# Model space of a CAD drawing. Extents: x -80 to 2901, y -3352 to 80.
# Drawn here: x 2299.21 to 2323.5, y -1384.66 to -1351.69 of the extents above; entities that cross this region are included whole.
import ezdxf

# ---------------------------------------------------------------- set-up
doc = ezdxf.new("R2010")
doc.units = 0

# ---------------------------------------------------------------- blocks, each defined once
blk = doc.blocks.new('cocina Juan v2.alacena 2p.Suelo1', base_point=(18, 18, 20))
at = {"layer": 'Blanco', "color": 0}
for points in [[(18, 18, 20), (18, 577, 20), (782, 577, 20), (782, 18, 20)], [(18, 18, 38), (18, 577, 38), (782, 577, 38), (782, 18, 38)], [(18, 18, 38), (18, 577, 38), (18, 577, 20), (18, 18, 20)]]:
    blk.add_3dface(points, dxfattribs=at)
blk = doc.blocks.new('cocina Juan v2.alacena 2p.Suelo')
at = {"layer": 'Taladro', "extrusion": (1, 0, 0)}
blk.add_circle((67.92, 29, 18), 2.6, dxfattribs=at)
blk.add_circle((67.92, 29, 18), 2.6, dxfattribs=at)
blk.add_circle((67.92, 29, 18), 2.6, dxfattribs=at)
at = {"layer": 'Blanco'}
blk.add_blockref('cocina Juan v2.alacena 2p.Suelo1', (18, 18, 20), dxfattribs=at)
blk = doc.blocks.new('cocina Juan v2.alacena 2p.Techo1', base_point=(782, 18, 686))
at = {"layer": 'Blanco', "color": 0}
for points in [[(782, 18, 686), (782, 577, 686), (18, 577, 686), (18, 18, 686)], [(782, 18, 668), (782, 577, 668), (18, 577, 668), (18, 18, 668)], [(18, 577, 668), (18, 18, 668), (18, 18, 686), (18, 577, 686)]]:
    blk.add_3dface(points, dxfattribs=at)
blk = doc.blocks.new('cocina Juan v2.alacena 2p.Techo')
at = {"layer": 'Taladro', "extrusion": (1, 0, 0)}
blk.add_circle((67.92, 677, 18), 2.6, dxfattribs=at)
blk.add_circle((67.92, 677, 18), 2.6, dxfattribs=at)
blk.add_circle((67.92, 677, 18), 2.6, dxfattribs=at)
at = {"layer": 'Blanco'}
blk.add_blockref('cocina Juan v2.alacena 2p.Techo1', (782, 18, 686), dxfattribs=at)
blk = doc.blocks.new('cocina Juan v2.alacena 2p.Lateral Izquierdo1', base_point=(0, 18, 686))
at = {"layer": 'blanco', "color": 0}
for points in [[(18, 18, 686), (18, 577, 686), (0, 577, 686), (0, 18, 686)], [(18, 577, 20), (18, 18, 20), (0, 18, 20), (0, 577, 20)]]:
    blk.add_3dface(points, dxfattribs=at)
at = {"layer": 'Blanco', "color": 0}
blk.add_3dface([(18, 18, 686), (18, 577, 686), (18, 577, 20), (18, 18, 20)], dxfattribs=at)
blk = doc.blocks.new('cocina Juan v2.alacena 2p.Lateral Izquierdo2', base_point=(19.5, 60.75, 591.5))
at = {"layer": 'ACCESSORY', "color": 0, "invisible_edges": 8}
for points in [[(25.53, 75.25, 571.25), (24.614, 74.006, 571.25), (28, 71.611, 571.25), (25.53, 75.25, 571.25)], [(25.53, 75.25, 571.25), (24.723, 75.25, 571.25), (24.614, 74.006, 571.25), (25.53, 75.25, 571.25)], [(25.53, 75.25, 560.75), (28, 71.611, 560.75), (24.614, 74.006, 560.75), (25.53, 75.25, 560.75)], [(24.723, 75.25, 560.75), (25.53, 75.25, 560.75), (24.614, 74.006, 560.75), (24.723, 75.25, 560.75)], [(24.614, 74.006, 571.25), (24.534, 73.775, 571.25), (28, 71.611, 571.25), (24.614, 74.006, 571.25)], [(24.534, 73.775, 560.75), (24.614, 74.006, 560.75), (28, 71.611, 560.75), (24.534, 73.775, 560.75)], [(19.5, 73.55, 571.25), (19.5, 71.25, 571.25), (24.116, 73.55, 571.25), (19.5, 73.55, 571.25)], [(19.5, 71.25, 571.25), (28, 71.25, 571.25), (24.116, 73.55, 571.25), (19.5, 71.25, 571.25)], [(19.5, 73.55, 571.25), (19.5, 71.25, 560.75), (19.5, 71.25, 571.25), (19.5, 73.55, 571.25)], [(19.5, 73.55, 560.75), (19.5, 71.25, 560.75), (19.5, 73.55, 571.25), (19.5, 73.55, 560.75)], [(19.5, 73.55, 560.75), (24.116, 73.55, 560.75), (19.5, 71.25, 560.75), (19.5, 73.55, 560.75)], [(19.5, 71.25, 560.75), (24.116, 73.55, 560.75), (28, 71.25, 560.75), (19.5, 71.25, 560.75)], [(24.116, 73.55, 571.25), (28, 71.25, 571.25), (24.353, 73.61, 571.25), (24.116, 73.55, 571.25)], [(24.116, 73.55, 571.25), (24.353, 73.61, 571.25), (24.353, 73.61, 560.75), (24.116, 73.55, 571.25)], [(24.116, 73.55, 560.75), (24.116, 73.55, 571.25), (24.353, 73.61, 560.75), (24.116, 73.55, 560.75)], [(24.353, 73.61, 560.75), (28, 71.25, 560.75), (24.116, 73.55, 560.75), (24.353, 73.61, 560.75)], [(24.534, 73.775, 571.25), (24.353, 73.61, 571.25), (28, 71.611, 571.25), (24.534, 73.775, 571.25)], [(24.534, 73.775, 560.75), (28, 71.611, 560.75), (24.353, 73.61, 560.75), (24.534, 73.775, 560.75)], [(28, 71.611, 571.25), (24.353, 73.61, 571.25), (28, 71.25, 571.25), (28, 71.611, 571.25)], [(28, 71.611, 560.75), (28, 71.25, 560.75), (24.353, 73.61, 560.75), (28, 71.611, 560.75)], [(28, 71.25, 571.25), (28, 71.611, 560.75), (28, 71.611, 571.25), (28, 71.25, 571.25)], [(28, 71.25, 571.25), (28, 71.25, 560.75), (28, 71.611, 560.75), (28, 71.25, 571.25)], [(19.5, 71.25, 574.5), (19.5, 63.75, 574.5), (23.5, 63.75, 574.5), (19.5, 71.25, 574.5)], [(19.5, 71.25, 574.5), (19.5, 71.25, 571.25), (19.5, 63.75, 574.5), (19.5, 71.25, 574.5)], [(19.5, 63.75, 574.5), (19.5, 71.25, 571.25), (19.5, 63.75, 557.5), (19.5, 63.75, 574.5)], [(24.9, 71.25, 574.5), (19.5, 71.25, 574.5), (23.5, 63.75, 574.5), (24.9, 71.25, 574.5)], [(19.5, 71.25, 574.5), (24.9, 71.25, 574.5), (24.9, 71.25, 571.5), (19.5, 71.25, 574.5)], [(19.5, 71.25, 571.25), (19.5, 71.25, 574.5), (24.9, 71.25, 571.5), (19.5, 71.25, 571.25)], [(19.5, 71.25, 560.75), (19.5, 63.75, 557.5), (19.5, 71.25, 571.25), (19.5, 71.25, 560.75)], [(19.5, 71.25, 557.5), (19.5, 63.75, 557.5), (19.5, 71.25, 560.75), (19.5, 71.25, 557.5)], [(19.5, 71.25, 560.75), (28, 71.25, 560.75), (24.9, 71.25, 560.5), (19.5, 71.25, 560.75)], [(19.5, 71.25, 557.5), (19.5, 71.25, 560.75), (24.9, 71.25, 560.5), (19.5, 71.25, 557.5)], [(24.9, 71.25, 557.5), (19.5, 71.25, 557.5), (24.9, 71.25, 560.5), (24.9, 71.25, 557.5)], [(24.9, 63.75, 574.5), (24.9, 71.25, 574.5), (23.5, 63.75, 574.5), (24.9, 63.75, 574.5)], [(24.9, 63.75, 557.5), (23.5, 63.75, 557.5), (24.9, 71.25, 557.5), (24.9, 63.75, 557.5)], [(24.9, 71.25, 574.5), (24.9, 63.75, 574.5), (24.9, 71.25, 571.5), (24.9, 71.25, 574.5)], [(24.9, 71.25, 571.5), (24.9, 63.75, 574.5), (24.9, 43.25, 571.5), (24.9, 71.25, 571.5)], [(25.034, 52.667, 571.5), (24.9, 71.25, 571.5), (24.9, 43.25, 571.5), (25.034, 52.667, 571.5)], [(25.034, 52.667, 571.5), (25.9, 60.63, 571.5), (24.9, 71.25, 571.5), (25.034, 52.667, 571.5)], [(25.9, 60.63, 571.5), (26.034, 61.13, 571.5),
_ _ _
### EXERCISE DETAILS
Above are the records; copy every line in them that holds the word "blocks".

### SOLUTION TO THIS PROBLEM
# ---------------------------------------------------------------- blocks, each defined once
blk = doc.blocks.new('cocina Juan v2.alacena 2p.Suelo1', base_point=(18, 18, 20))
blk = doc.blocks.new('cocina Juan v2.alacena 2p.Suelo')
blk = doc.blocks.new('cocina Juan v2.alacena 2p.Techo1', base_point=(782, 18, 686))
blk = doc.blocks.new('cocina Juan v2.alacena 2p.Techo')
blk = doc.blocks.new('cocina Juan v2.alacena 2p.Lateral Izquierdo1', base_point=(0, 18, 686))
blk = doc.blocks.new('cocina Juan v2.alacena 2p.Lateral Izquierdo2', base_point=(19.5, 60.75, 591.5))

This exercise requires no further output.